# musica non classica



## pizzi

Come si può definire tutta la musica che sta fuori dalla definizione di classica (intendendo anche la classica _contemporanea_)?

Il termine _leggera_ lo lascerei alle canzonette. Rock, reggae, punk, funk, dub, ska, blues, rai e via suonando all'infinito, presi nell'insieme, cosa sono? E il jazz, dove si colloca? 

Musica _moderna_?  Mi sembra troppo lato, in quanto dovrebbe includere tutto il repertorio contemporaneo.

piz


----------



## matoupaschat

Premesso che nessuna classifica sia soddisfacente, direi "musica popolare". Vedi qui.


----------



## stella_maris_74

Considerato il fatto che anche la musica "classica" non è un monolite ma ha al suo interno diversi stili (come è inevitabile visto che per definizione/convenzione copre quasi 9 secoli), io andrei tranquilla nel definire "moderna" l'_altra _musica, dal Novecento a oggi  
Almeno, questa è una contrapposizione che prende come riferimento l'arco temporale-storico.

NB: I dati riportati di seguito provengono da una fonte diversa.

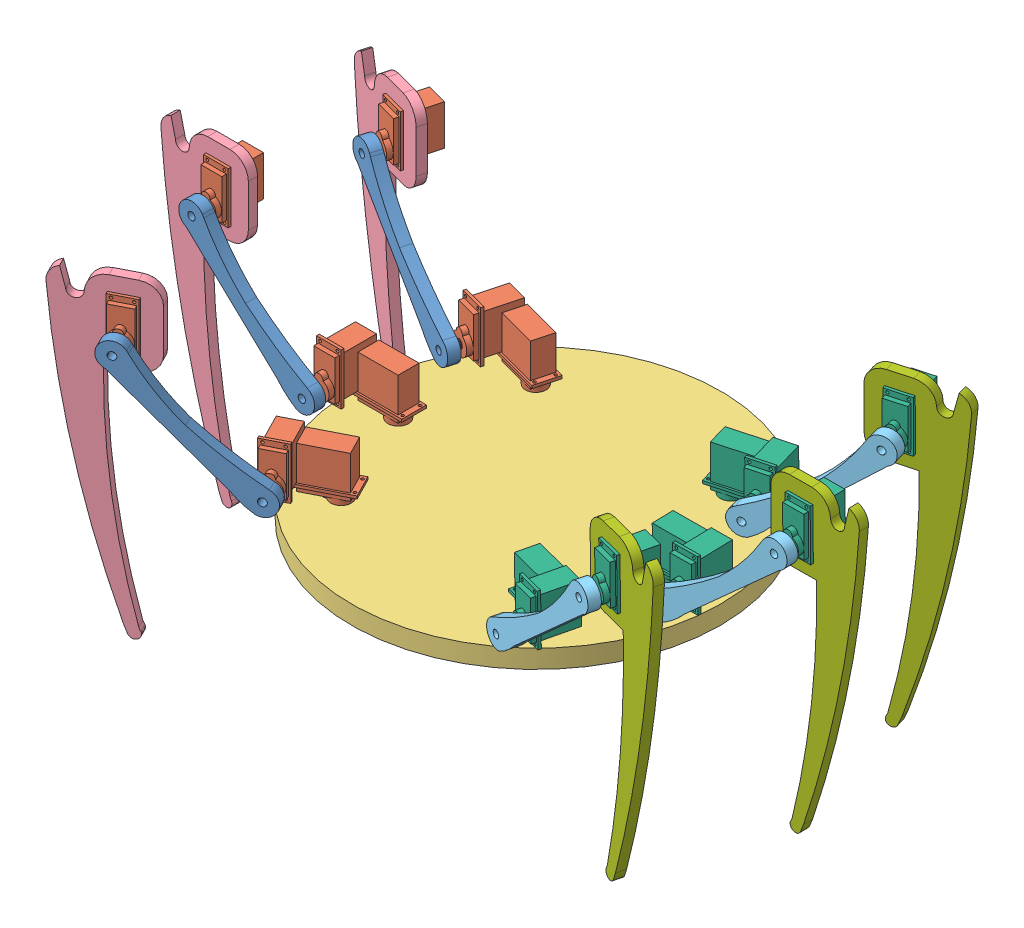
SolidWorks assembly Assembly, configuration Default. Lengths in mm.
Overall size (378.71 170 225.73).
41 component instances, 9 part files, 0 mates.
Components (placement in the parent):
- Pata2-1: Pata2 [Default] at (-131.1259 -170.0138 57.3877) x (-0.818339 0.408511 0.404276) z (-0.449641 -0.01694 -0.893049) size (91.94 38.8 6)
- Servo Turningy 9g-1: Servo Turningy 9g [Valor predeterminado] at (-146.934 -165.0366 26.3975) x (0.891007 0 -0.45399) z (0 -1 0) size (13.4 28.6 27.8)
- Servo Turningy 9g-7: Servo Turningy 9g [Valor predeterminado] at (-201.1695 -110.33 54.3133) x (0.891007 0 -0.45399) z (0 -1 0) size (13.4 28.6 27.8)
- Servo Turningy 9g-8: Servo Turningy 9g [Valor predeterminado] at (-130.1816 -157.6358 22.781) x (0.45399 0 0.891007) z (0.891007 0 -0.45399) size (13.4 28.6 27.8)
- Base-1: Base [Default] at (-72.7779 -183.5335 -32.5683) x (-1 0 0) z (0 -1 0) size (200.08 200.08 10)
- Pata-3: Pata [Default] at (-189.6842 -98.5483 63.6125) x (0 1 0) z (0.45399 0 0.891007) size (168.85 47.43 5)
- PataComplete-1: PataComplete [Default] at (-16.5797 -0.0974 -46.9942) size (122.91 168.85 37.28)
  - Pata2-1: Pata2 [Default] at (-152.6346 -170.0138 44.9187) x (-0.912683 0.408511 -0.011306) z (0.004803 -0.01694 -0.999845) size (91.94 38.8 6)
  - Servo Turningy 9g-1: Servo Turningy 9g [Valor predeterminado] at (-152.6505 -165.0366 10.1296) x (1 0 0) z (0 -1 0) size (13.4 28.6 27.8)
  - Servo Turningy 9g-7: Servo Turningy 9g [Valor predeterminado] at (-213.6482 -110.33 10.3803) x (1 0 0) z (0 -1 0) size (13.4 28.6 27.8)
  - Servo Turningy 9g-8: Servo Turningy 9g [Valor predeterminado] at (-136.0821 -157.6358 14.5126) x (0 0 1) z (1 0 0) size (13.4 28.6 27.8)
  - Pata-3: Pata [Default] at (-207.6364 -98.5483 23.8802) x (0 1 0) z (0 0 1) size (168.85 47.43 5)
- Part3^Assembly-1: Part3^Assembly [Default] at origin (virtual)
- PataComplete-2: PataComplete [Default] at (4.2558 -0.0487 -65.6972) x (0.965926 0 0.258819) z (-0.258819 0 0.965926) size (122.91 168.85 37.28)
  - Pata2-1: Pata2 [Default] at (-152.6346 -170.0138 44.9187) x (-0.912683 0.408511 -0.011306) z (0.004803 -0.01694 -0.999845) size (91.94 38.8 6)
  - Servo Turningy 9g-1: Servo Turningy 9g [Valor predeterminado] at (-152.6505 -165.0366 10.1296) x (1 0 0) z (0 -1 0) size (13.4 28.6 27.8)
  - Servo Turningy 9g-7: Servo Turningy 9g [Valor predeterminado] at (-213.6482 -110.33 10.3803) x (1 0 0) z (0 -1 0) size (13.4 28.6 27.8)
  - Servo Turningy 9g-8: Servo Turningy 9g [Valor predeterminado] at (-136.0821 -157.6358 14.5126) x (0 0 1) z (1 0 0) size (13.4 28.6 27.8)
  - Pata-3: Pata [Default] at (-207.6364 -98.5483 23.8802) x (0 1 0) z (0 0 1) size (168.85 47.43 5)
- MirrorPataComplete-26: MirrorPataComplete [Default] at (-143.1903 0.7821 -23.2668) x (-0.969085 0.004345 -0.24669) z (0.246727 0.013914 -0.968985) size (122.91 168.85 37.28)
  - MirrorPata2-1: MirrorPata2 [Default] at (-152.6346 -170.0138 -44.9187) x (-0.912683 0.408511 0.011306) z (-0.004803 0.01694 -0.999845) size (91.94 38.8 6)
  - MirrorServo Turningy 9g-1: MirrorServo Turningy 9g [Valor predeterminado] at (-152.6505 -165.0366 -10.1296) x (1 0 0) z (0 1 0) size (13.4 28.6 27.8)
  - MirrorServo Turningy 9g-2: MirrorServo Turningy 9g [Valor predeterminado] at (-213.6482 -110.33 -10.3803) x (1 0 0) z (0 1 0) size (13.4 28.6 27.8)
  - MirrorServo Turningy 9g-3: MirrorServo Turningy 9g [Valor predeterminado] at (-136.0821 -157.6358 -14.5126) x (0 0 -1) z (-1 0 0) size (13.4 28.6 27.8)
  - MirrorPata-1: MirrorPata [Default] at (-207.6364 -98.5483 -23.8802) x (0 1 0) z (0 0 1) size (168.85 47.43 5)
- PataCompleteMirrored-1: PataCompleteMirrored [Default] at (-58.4492 -27.3045 -40.3671) size (124.13 169.89 41.15)
  - Part3^PataCompleteMirrored-1: Part3^PataCompleteMirrored [Default] at origin (virtual)
  - MirrorPataComplete-26: MirrorPataComplete [Default] at (-69.7487 27.9974 -2.3661) x (-0.999912 0.004345 0.012534) z (-0.012472 0.013914 -0.999825) size (122.91 168.85 37.28)
    - MirrorPata2-1: MirrorPata2 [Default] at (-152.6346 -170.0138 -44.9187) x (-0.912683 0.408511 0.011306) z (-0.004803 0.01694 -0.999845) size (91.94 38.8 6)
    - MirrorServo Turningy 9g-1: MirrorServo Turningy 9g [Valor predeterminado] at (-152.6505 -165.0366 -10.1296) x (1 0 0) z (0 1 0) size (13.4 28.6 27.8)
    - MirrorServo Turningy 9g-2: MirrorServo Turningy 9g [Valor predeterminado] at (-213.6482 -110.33 -10.3803) x (1 0 0) z (0 1 0) size (13.4 28.6 27.8)
    - MirrorServo Turningy 9g-3: MirrorServo Turningy 9g [Valor predeterminado] at (-136.0821 -157.6358 -14.5126) x (0 0 -1) z (-1 0 0) size (13.4 28.6 27.8)
    - MirrorPata-1: MirrorPata [Default] at (-207.6364 -98.5483 -23.8802) x (0 1 0) z (0 0 1) size (168.85 47.43 5)
- PataCompleteMirrored-2: PataCompleteMirrored [Default] at (-82.4513 -27.1927 -79.4097) x (0.965926 0 -0.258819) z (0.258819 0 0.965926) size (124.13 169.89 41.15)
  - Part3^PataCompleteMirrored-1: Part3^PataCompleteMirrored [Default] at origin (virtual)
  - MirrorPataComplete-26: MirrorPataComplete [Default] at (-69.7487 27.9974 -2.3661) x (-0.999912 0.004345 0.012534) z (-0.012472 0.013914 -0.999825) size (122.91 168.85 37.28)
    - MirrorPata2-1: MirrorPata2 [Default] at (-152.6346 -170.0138 -44.9187) x (-0.912683 0.408511 0.011306) z (-0.004803 0.01694 -0.999845) size (91.94 38.8 6)
    - MirrorServo Turningy 9g-1: MirrorServo Turningy 9g [Valor predeterminado] at (-152.6505 -165.0366 -10.1296) x (1 0 0) z (0 1 0) size (13.4 28.6 27.8)
    - MirrorServo Turningy 9g-2: MirrorServo Turningy 9g [Valor predeterminado] at (-213.6482 -110.33 -10.3803) x (1 0 0) z (0 1 0) size (13.4 28.6 27.8)
    - MirrorServo Turningy 9g-3: MirrorServo Turningy 9g [Valor predeterminado] at (-136.0821 -157.6358 -14.5126) x (0 0 -1) z (-1 0 0) size (13.4 28.6 27.8)
    - MirrorPata-1: MirrorPata [Default] at (-207.6364 -98.5483 -23.8802) x (0 1 0) z (0 0 1) size (168.85 47.43 5)
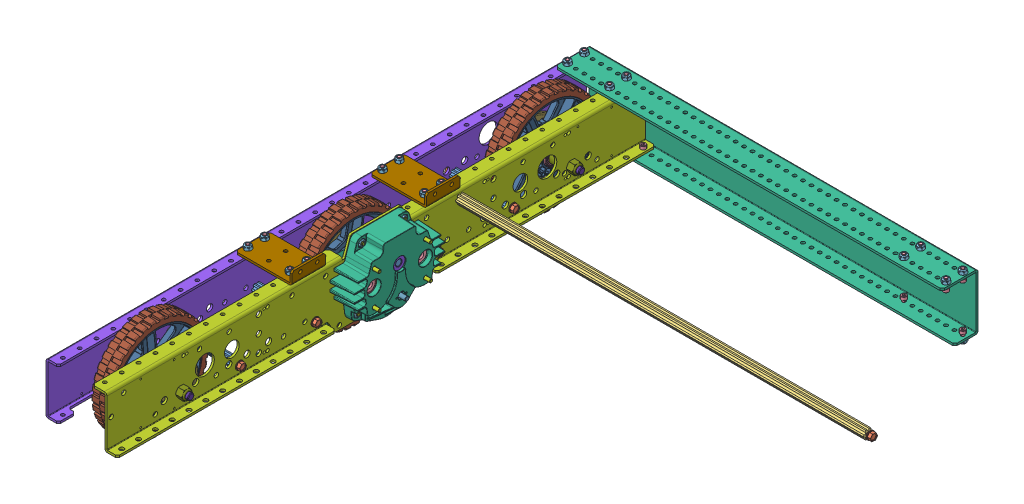
SolidWorks assembly AM14U3 Long Half, configuration Default. Lengths in mm.
Overall size (722.96 212.37 816.74).
154 component instances, 35 part files, 29 mates.
Components (placement in the parent):
- AM14U3 Long Frame Half-1: AM14U3 Long Frame Half [Default] at (0 136.1443 -762.762) size (722.38 116.33 816.74)
  - 500 Churro 3.375 in-1: 500 Churro 3.375 in [Default] at (-501.65 -66.929 448.437) x (0 0 1) z (-1 0 0) size (14.66 12.7 85.72)
  - 500 Churro 3.375 in-2: 500 Churro 3.375 in [Default] at (-501.65 -66.929 562.737) x (0 0 1) z (-1 0 0) size (14.66 12.7 85.72)
  - 500 Churro 3.375 in-3: 500 Churro 3.375 in [Default] at (-501.65 -66.929 264.287) x (0 0 1) z (-1 0 0) size (14.66 12.7 85.72)
  - 500 Churro 3.375 in-4: 500 Churro 3.375 in [Default] at (-501.65 -66.929 149.987) x (0 0 1) z (-1 0 0) size (14.66 12.7 85.72)
  - 0.25-20 x 0.75 in Thread Rolling Screw-1: 0.25-20 x 0.75 in Thread Rolling Screw [FHTS 0.25-20-G-0.75-C] at (-498.475 -66.929 562.737) x (-1 0 0) z (0 0.924225 0.381849) size (24.64 12.19 12.19)
  - 0.25-20 x 0.75 in Thread Rolling Screw-2: 0.25-20 x 0.75 in Thread Rolling Screw [FHTS 0.25-20-G-0.75-C] at (-498.475 -66.929 448.437) x (-1 0 0) z (0 0.924225 0.381849) size (24.64 12.19 12.19)
  - 0.25-20 x 0.75 in Thread Rolling Screw-3: 0.25-20 x 0.75 in Thread Rolling Screw [FHTS 0.25-20-G-0.75-C] at (-498.475 -66.929 264.287) x (-1 0 0) z (0 0.924225 0.381849) size (24.64 12.19 12.19)
  - 0.25-20 x 0.75 in Thread Rolling Screw-4: 0.25-20 x 0.75 in Thread Rolling Screw [FHTS 0.25-20-G-0.75-C] at (-498.475 -66.929 149.987) x (-1 0 0) z (0 0.924225 0.381849) size (24.64 12.19 12.19)
  - 0.25-20 x 0.75 in Thread Rolling Screw-5: 0.25-20 x 0.75 in Thread Rolling Screw [FHTS 0.25-20-G-0.75-C] at (-590.55 -66.929 562.737) size (24.64 12.19 12.19)
  - 0.25-20 x 0.75 in Thread Rolling Screw-6: 0.25-20 x 0.75 in Thread Rolling Screw [FHTS 0.25-20-G-0.75-C] at (-590.55 -66.929 448.437) size (24.64 12.19 12.19)
  - 0.25-20 x 0.75 in Thread Rolling Screw-7: 0.25-20 x 0.75 in Thread Rolling Screw [FHTS 0.25-20-G-0.75-C] at (-590.55 -66.929 149.987) size (24.64 12.19 12.19)
  - 0.25-20 x 0.75 in Thread Rolling Screw-8: 0.25-20 x 0.75 in Thread Rolling Screw [FHTS 0.25-20-G-0.75-C] at (-590.55 -66.929 264.287) size (24.64 12.19 12.19)
  - 0.25-20 x 0.75 in Thread Rolling Screw-9: 0.25-20 x 0.75 in Thread Rolling Screw [FHTS 0.25-20-G-0.75-C] at (-501.65 -15.494 229.362) size (24.64 12.19 12.19)
  - 0.25-20 x 0.75 in Thread Rolling Screw-10: 0.25-20 x 0.75 in Thread Rolling Screw [FHTS 0.25-20-G-0.75-C] at (120.65 -15.494 229.362) x (-1 0 0) z (0 -0.924225 -0.381849) size (24.64 12.19 12.19)
  - 500 Churro 24.25 in-1: 500 Churro 24.25 in [Default] at (117.475 -15.494 229.362) x (0 0 1) z (-1 0 0) size (14.66 12.7 615.95)
  - 10-32 x 0.5 in SHCS Screw-27: 10-32 x 0.5 in SHCS Screw [HX-SHCS 0.19-32x1.375x1-C] at (-577.85 -11.43 -11.938) x (0 1 0) z (0 0 1) size (17.53 7.94 7.94)
  - 10-32 x 0.5 in SHCS Screw-28: 10-32 x 0.5 in SHCS Screw [HX-SHCS 0.19-32x1.375x1-C] at (-577.85 -11.43 -37.338) x (0 1 0) z (0 0 1) size (17.53 7.94 7.94)
  - 10-32 x 0.5 in SHCS Screw-29: 10-32 x 0.5 in SHCS Screw [HX-SHCS 0.19-32x1.375x1-C] at (-514.35 -11.43 -37.338) x (0 1 0) z (0 0 1) size (17.53 7.94 7.94)
  - 10-32 x 0.5 in SHCS Screw-30: 10-32 x 0.5 in SHCS Screw [HX-SHCS 0.19-32x1.375x1-C] at (-514.35 -11.43 -11.938) x (0 1 0) z (0 0 1) size (17.53 7.94 7.94)
  - 10-32 x 0.5 in SHCS Screw-31: 10-32 x 0.5 in SHCS Screw [HX-SHCS 0.19-32x1.375x1-C] at (-488.95 -73.152 -37.338) x (0 -1 0) z (0 0 1) size (17.53 7.94 7.94)
  - 10-32 x 0.5 in SHCS Screw-32: 10-32 x 0.5 in SHCS Screw [HX-SHCS 0.19-32x1.375x1-C] at (-577.85 -73.152 -37.338) x (0 -1 0) z (0 0 1) size (17.53 7.94 7.94)
  - 10-32 x 0.5 in SHCS Screw-40: 10-32 x 0.5 in SHCS Screw [HX-SHCS 0.19-32x1.375x1-C] at (-6.35 -11.176 -11.938) x (0 1 0) z (-0.991845 0 0.127447) size (17.53 7.94 7.94)
  - 10-32 x 0.5 in SHCS Screw-41: 10-32 x 0.5 in SHCS Screw [HX-SHCS 0.19-32x1.375x1-C] at (-6.35 -11.176 -37.338) x (0 1 0) z (0.595464 0 0.803382) size (17.53 7.94 7.94)
  - 10-32 x 0.5 in SHCS Screw-42: 10-32 x 0.5 in SHCS Screw [HX-SHCS 0.19-32x1.375x1-C] at (-69.85 -11.176 -11.938) x (0 1 0) z (0.578861 0 0.815426) size (17.53 7.94 7.94)
  - 10-32 x 0.5 in SHCS Screw-43: 10-32 x 0.5 in SHCS Screw [HX-SHCS 0.19-32x1.375x1-C] at (-69.85 -11.176 -37.338) x (0 1 0) z (0.958905 0 0.283727) size (17.53 7.94 7.94)
  - 10-32 x 0.5 in SHCS Screw-44: 10-32 x 0.5 in SHCS Screw [HX-SHCS 0.19-32x1.375x1-C] at (-6.35 -73.406 -37.338) x (0 -1 0) z (-0.989362 0 -0.145473) size (17.53 7.94 7.94)
  - 10-32 x 0.5 in SHCS Screw-45: 10-32 x 0.5 in SHCS Screw [HX-SHCS 0.19-32x1.375x1-C] at (-95.25 -73.406 -37.338) x (0 -1 0) z (-0.875347 0 0.483496) size (17.53 7.94 7.94)
  - 10-32 Nylock Nut-27: 10-32 Nylock Nut [Default] at (-69.85 0 -11.938) x (1 0 0) z (0 1 0) size (10.18 11.01 7.1)
  - 10-32 Nylock Nut-28: 10-32 Nylock Nut [Default] at (-69.85 0 -37.338) x (1 0 0) z (0 1 0) size (10.18 11.01 7.1)
  - 10-32 Nylock Nut-29: 10-32 Nylock Nut [Default] at (-6.35 0 -37.338) x (1 0 0) z (0 1 0) size (10.18 11.01 7.1)
  - 10-32 Nylock Nut-30: 10-32 Nylock Nut [Default] at (-6.35 0 -11.938) x (1 0 0) z (0 1 0) size (10.18 11.01 7.1)
  - 10-32 Nylock Nut-31: 10-32 Nylock Nut [Default] at (-6.35 -84.582 -37.338) x (1 0 0) z (0 -1 0) size (10.18 11.01 7.1)
  - 10-32 Nylock Nut-32: 10-32 Nylock Nut [Default] at (-95.25 -84.582 -37.338) x (1 0 0) z (0 -1 0) size (10.18 11.01 7.1)
  - 10-32 Nylock Nut-33: 10-32 Nylock Nut [Default] at (-514.35 0 -11.938) x (1 0 0) z (0 1 0) size (10.18 11.01 7.1)
  - 10-32 Nylock Nut-34: 10-32 Nylock Nut [Default] at (-514.35 0 -37.338) x (1 0 0) z (0 1 0) size (10.18 11.01 7.1)
  - 10-32 Nylock Nut-35: 10-32 Nylock Nut [Default] at (-577.85 0 -37.338) x (1 0 0) z (0 1 0) size (10.18 11.01 7.1)
  - 10-32 Nylock Nut-36: 10-32 Nylock Nut [Default] at (-577.85 0 -11.938) x (1 0 0) z (0 1 0) size (10.18 11.01 7.1)
  - 10-32 Nylock Nut-37: 10-32 Nylock Nut [Default] at (-488.95 -84.582 -37.338) x (1 0 0) z (0 -1 0) size (10.18 11.01 7.1)
  - 10-32 Nylock Nut-38: 10-32 Nylock Nut [Default] at (-577.85 -84.582 -37.338) x (1 0 0) z (0 -1 0) size (10.18 11.01 7.1)
  - 10-32 x 0.5 in SHCS Screw-46: 10-32 x 0.5 in SHCS Screw [HX-SHCS 0.19-32x1.375x1-C] at (-577.85 -11.43 445.262) x (0 1 0) z (0 0 1) size (17.53 7.94 7.94)
  - 10-32 x 0.5 in SHCS Screw-47: 10-32 x 0.5 in SHCS Screw [HX-SHCS 0.19-32x1.375x1-C] at (-577.85 -11.43 470.662) x (0 1 0) z (0 0 1) size (17.53 7.94 7.94)
  - 10-32 x 0.5 in SHCS Screw-48: 10-32 x 0.5 in SHCS Screw [HX-SHCS 0.19-32x1.375x1-C] at (-514.35 -11.43 445.262) x (0 1 0) z (0 0 1) size (17.53 7.94 7.94)
  - 10-32 x 0.5 in SHCS Screw-49: 10-32 x 0.5 in SHCS Screw [HX-SHCS 0.19-32x1.375x1-C] at (-514.35 -11.43 470.662) x (0 1 0) z (0 0 1) size (17.53 7.94 7.94)
  - 10-32 x 0.5 in SHCS Screw-50: 10-32 x 0.5 in SHCS Screw [HX-SHCS 0.19-32x1.375x1-C] at (-577.85 -11.43 267.462) x (0 1 0) z (0 0 1) size (17.53 7.94 7.94)
  - 10-32 x 0.5 in SHCS Screw-51: 10-32 x 0.5 in SHCS Screw [HX-SHCS 0.19-32x1.375x1-C] at (-577.85 -11.43 242.062) x (0 1 0) z (0 0 1) size (17.53 7.94 7.94)
  - 10-32 x 0.5 in SHCS Screw-52: 10-32 x 0.5 in SHCS Screw [HX-SHCS 0.19-32x1.375x1-C] at (-514.35 -11.43 242.062) x (0 1 0) z (0 0 1) size (17.53 7.94 7.94)
  - 10-32 x 0.5 in SHCS Screw-53: 10-32 x 0.5 in SHCS Screw [HX-SHCS 0.19-32x1.375x1-C] at (-514.35 -11.43 267.462) x (0 1 0) z (0 0 1) size (17.53 7.94 7.94)
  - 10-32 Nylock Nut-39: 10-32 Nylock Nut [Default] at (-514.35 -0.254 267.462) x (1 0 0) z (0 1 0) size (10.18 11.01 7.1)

Musica _popolare_, invece, lo vedo più un termine contrapposto a "colto" - dato che la musica classica comunemente intesa è per definizione la "musica colta occidentale" rientrante nell'arco temporale di cui sopra 

Bisognerebbe, come sempre, vedere in quale contesto siamo.


----------



## francisgranada

Nella mia lingua materna esiste "musica seria" come contrapposizione alla "musica leggera". In italiano non si dice?


----------



## pizzi

Ciao, francis !

Ho cercato in rete, e ho trovato _Musica seria_, un disco rap di tale Il Turco, e un (non so come si chiami ) in Facebook, dedicato al genere rock.

Penso comunque che si usi, nell'accezione da te segnalata, ma in un contesto informale e parlato, mettendo con l'intonazione l'aggettivo tra virgolette. A scriverlo, forse sembrerebbe un giudizio un po' moralistico.

Per lo stesso motivo, non posso definire la musica non classica come _poco seria_ .

piz


----------



## francisgranada

Ciao, pizzi 



pizzi said:


> ... Ho cercato in rete, e ho trovato _Musica seria_, un disco rap di tale Il Turco, e un (non so come si chiami ) ...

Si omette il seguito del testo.